They kindled a great fire of hatred,
They constantly roiled the river of lust
I think we originally said “roiled in the river of lust”. Roiled in the river? What does roiling mean, anyway? Actually, it was my word (laughter). I’ve never looked in the dictionary to see if it’s a real word. Everyone at the table took it for granted that was a word. I couldn’t believe it when I said: “Roil in the river of lust”, and everybody said, “Great! OK, we’ll use that word.” And I thought ‘I’ll never get away with this’, but I did and here it is, my word! (Laughter). Now, don’t you roil in lust! (Laughter) Don’t you do that!
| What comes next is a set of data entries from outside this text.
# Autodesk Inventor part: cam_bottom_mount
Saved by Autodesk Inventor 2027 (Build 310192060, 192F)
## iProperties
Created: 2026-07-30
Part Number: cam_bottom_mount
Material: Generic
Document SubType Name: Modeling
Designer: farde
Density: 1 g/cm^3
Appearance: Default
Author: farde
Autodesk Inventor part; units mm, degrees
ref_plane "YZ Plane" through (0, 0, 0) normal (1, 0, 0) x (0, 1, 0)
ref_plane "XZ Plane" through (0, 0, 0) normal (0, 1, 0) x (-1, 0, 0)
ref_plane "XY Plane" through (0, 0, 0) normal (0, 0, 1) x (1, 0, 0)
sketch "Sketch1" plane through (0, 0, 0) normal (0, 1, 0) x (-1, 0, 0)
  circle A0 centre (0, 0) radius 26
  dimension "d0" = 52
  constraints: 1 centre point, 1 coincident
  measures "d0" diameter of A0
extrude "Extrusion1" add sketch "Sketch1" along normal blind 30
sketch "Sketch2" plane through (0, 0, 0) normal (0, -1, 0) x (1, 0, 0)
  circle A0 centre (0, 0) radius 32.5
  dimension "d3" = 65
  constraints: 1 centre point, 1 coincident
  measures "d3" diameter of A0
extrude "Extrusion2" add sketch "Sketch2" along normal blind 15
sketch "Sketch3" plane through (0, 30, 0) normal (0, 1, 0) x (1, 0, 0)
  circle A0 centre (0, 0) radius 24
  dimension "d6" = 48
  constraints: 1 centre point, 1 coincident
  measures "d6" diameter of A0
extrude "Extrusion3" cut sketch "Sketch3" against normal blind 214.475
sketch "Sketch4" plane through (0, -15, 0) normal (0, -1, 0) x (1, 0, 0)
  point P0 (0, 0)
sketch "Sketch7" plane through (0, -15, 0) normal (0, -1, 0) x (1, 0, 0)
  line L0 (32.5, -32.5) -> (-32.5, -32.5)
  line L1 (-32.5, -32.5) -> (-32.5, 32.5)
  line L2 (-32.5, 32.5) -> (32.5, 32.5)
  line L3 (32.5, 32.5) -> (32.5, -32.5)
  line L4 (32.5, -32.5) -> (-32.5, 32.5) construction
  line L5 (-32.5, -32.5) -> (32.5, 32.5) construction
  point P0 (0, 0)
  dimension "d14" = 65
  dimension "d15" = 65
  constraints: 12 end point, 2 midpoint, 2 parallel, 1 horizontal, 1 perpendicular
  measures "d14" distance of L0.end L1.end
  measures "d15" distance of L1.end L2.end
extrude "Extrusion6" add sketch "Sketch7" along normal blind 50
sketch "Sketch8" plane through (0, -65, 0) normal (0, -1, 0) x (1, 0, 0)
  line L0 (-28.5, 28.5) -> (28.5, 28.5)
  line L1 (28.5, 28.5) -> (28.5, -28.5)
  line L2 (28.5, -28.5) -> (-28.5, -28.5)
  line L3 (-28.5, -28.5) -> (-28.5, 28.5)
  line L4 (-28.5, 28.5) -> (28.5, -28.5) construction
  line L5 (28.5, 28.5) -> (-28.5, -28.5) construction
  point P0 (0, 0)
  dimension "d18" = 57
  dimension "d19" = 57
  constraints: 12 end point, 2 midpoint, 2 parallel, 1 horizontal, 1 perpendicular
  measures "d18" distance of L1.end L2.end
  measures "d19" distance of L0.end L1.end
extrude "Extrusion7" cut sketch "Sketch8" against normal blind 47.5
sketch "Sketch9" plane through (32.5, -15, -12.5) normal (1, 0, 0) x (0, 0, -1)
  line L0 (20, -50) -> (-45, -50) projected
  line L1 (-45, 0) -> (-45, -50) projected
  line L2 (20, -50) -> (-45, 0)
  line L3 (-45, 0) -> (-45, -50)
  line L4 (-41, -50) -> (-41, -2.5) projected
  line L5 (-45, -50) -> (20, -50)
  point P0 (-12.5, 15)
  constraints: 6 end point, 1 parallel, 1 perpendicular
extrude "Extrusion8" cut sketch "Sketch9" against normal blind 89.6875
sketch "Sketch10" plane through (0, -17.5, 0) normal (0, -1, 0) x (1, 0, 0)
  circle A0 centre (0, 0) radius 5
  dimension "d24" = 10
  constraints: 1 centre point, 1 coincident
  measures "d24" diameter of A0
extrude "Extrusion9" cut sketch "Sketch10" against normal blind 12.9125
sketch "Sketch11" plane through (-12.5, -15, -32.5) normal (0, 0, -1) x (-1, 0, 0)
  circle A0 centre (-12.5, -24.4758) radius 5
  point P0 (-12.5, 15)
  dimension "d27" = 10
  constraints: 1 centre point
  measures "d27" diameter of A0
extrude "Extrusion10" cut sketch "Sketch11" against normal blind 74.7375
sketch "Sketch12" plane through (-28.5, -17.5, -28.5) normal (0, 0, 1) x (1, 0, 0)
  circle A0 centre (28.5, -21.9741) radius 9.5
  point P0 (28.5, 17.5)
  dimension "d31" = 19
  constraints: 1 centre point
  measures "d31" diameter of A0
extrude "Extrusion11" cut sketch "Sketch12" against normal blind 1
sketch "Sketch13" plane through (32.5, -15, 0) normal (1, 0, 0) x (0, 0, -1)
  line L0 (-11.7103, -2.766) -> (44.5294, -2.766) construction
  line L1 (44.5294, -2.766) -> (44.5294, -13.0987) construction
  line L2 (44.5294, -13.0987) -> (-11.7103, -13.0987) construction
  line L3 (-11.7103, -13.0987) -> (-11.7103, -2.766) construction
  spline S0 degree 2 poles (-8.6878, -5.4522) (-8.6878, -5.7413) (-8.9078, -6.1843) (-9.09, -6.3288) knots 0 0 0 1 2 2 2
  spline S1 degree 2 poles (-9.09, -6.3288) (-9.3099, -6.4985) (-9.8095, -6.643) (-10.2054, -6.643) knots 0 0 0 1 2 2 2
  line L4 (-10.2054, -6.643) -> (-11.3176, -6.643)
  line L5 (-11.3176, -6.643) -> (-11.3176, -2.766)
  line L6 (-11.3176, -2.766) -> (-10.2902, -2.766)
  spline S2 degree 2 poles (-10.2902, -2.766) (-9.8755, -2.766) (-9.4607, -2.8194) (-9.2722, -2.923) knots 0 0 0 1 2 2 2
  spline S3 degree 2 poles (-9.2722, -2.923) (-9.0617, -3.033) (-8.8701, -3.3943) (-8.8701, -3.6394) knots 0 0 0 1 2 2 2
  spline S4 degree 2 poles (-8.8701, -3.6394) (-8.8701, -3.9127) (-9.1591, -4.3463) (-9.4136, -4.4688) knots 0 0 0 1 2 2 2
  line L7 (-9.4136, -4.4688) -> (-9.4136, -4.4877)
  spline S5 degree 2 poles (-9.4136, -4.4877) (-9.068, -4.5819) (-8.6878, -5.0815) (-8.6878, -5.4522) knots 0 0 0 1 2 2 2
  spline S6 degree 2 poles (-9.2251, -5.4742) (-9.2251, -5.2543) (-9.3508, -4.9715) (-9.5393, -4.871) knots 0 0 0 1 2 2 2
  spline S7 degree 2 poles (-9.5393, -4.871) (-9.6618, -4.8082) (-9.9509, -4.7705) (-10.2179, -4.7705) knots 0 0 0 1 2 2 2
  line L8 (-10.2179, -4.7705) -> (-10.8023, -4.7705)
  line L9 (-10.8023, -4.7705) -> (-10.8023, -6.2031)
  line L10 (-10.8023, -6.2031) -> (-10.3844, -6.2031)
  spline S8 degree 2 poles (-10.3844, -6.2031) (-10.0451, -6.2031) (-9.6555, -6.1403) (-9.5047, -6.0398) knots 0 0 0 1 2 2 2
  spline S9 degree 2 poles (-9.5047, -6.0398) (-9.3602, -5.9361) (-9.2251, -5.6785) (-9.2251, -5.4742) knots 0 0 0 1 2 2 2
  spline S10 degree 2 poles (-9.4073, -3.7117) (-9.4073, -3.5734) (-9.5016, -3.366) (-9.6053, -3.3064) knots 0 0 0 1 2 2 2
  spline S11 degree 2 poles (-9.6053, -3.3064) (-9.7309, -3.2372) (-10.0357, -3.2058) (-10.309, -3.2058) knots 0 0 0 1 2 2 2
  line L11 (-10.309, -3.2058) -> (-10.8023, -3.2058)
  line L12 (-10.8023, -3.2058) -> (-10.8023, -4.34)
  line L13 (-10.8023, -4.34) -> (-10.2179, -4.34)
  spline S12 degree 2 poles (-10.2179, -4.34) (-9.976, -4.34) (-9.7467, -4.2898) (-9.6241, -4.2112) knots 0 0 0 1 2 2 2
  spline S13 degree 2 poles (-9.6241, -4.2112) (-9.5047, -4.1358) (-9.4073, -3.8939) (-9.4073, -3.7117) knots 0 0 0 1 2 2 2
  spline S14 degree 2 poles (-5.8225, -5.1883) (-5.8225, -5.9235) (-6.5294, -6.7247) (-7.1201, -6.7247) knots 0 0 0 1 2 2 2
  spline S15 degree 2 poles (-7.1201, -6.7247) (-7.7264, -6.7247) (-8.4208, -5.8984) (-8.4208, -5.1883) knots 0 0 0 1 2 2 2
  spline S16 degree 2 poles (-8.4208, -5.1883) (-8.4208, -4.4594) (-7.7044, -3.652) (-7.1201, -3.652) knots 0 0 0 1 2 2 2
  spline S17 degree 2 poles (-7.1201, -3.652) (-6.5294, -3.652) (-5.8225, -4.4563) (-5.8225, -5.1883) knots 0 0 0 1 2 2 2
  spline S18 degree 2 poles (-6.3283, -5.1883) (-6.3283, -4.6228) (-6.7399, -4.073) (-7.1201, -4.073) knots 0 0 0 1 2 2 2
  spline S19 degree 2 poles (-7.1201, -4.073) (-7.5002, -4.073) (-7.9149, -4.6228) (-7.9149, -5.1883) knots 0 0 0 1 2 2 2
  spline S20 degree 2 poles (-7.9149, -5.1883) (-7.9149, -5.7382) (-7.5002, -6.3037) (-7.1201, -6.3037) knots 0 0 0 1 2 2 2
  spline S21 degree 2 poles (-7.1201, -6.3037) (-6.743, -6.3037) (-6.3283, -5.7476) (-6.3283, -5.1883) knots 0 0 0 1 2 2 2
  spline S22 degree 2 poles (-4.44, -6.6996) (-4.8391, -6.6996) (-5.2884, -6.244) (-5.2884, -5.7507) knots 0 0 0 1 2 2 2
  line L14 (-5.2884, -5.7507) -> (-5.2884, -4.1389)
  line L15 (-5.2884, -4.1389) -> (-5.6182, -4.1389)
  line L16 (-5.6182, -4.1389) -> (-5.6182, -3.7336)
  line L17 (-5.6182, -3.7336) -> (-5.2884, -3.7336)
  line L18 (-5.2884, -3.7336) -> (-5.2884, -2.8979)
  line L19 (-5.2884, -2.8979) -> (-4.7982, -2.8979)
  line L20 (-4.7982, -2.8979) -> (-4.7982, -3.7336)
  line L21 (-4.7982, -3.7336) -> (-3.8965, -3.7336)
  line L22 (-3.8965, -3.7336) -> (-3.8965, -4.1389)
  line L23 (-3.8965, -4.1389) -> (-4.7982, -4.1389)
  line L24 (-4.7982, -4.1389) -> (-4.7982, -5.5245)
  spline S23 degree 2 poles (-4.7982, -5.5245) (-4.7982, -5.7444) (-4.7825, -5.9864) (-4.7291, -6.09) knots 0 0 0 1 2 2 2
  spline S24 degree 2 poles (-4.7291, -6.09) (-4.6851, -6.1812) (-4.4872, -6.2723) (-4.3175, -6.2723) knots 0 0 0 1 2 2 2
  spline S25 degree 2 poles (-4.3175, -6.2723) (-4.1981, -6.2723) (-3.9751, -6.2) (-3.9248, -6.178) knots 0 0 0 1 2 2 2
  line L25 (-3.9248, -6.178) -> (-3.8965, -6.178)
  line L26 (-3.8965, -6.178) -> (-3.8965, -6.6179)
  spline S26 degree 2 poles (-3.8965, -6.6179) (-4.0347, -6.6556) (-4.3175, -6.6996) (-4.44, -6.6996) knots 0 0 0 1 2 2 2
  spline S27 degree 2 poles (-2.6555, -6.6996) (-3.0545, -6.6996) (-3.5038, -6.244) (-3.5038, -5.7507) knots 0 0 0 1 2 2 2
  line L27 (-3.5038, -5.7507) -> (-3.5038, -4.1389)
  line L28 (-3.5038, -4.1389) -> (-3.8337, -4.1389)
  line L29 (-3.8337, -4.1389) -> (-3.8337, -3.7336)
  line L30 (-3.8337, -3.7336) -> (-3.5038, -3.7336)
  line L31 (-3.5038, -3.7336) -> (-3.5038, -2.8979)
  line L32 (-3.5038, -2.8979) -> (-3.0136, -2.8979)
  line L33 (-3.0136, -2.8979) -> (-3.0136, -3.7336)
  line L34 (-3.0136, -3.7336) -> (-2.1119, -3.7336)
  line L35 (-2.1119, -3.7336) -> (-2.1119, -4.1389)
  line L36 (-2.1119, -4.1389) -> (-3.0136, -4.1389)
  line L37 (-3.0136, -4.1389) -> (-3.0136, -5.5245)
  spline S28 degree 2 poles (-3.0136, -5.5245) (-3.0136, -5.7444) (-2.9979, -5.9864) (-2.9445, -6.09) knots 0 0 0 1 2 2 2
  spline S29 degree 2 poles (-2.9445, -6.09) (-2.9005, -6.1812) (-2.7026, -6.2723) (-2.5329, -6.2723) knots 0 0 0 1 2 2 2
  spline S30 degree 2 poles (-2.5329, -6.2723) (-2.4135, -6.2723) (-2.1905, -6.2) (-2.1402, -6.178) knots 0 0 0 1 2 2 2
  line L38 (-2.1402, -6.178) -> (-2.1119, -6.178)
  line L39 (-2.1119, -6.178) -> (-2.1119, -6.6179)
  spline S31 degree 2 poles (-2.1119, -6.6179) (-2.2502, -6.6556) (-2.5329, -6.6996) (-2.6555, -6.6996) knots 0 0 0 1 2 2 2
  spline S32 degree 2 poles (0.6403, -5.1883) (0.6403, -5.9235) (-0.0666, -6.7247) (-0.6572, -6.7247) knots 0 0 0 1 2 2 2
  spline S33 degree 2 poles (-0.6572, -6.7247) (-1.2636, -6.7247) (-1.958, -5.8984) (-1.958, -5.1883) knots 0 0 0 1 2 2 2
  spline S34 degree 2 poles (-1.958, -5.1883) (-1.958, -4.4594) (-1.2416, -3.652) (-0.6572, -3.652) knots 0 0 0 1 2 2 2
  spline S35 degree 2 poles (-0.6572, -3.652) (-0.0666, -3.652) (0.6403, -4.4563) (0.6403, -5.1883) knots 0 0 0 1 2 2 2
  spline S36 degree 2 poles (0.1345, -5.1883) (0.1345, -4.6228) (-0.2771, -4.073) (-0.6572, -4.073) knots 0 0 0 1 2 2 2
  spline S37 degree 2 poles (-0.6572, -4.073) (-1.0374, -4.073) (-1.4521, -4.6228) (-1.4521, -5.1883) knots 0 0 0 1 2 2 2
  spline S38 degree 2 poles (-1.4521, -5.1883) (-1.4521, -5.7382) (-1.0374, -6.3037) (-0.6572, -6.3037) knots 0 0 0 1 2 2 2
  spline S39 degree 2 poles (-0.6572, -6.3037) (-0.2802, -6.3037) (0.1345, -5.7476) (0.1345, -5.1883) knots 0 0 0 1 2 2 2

They wallowed in the mud of laziness;
The age of famine and plague arose.
And Iraq came into being. Well, it is Iraq, isn’t it though, really? Hid themselves in caves and jungles, killed their brothers and sisters, ate their flesh, they followed the example of beasts, they provoked terror in each other.
OK now, think about it. We are shocked and horrified by what happens when a society falls apart and becomes, well, what Iraq is today. When the police arrest somebody and automatically begin to torture them right away, for no reason, even when they don’t have any information to extract. We can’t understand how people can do that. We’re horrified by the nature of such people. When I look at myself I don’t find a monster like that, and I don’t understand how there can be so many monsters like that. How can there be all those people who did lynchings in the South? What could have been in their hearts? Is it true that there were two completely different kinds of human beings: one human being is a beast and one human being is a proto-angel? Can it be? No, it can’t be. The people who became cowards are just like the people who became warriors. They’re just slightly different. The slight difference is that they had a fear of an aspect of their basic nature, and when they indulged that fear, all sorts of other emotions cascaded forth leading to aggression, hatred, destruction, the willingness to torture others and rejoicing in it. Human beings who are beasts are just like us, but for that one inability: to face the abyss. The inability to rejoice in the cosmic mirror, the inability to face our unmentionable origins, our ineffable origins. That creates an evil society. That’s what evil is. On the other hand,
Of those who are dedicated to the primordial confidence—[the good guys]—
The many hosts of warriors,
Some went to highland mountains
And erected beautiful castles of crystal.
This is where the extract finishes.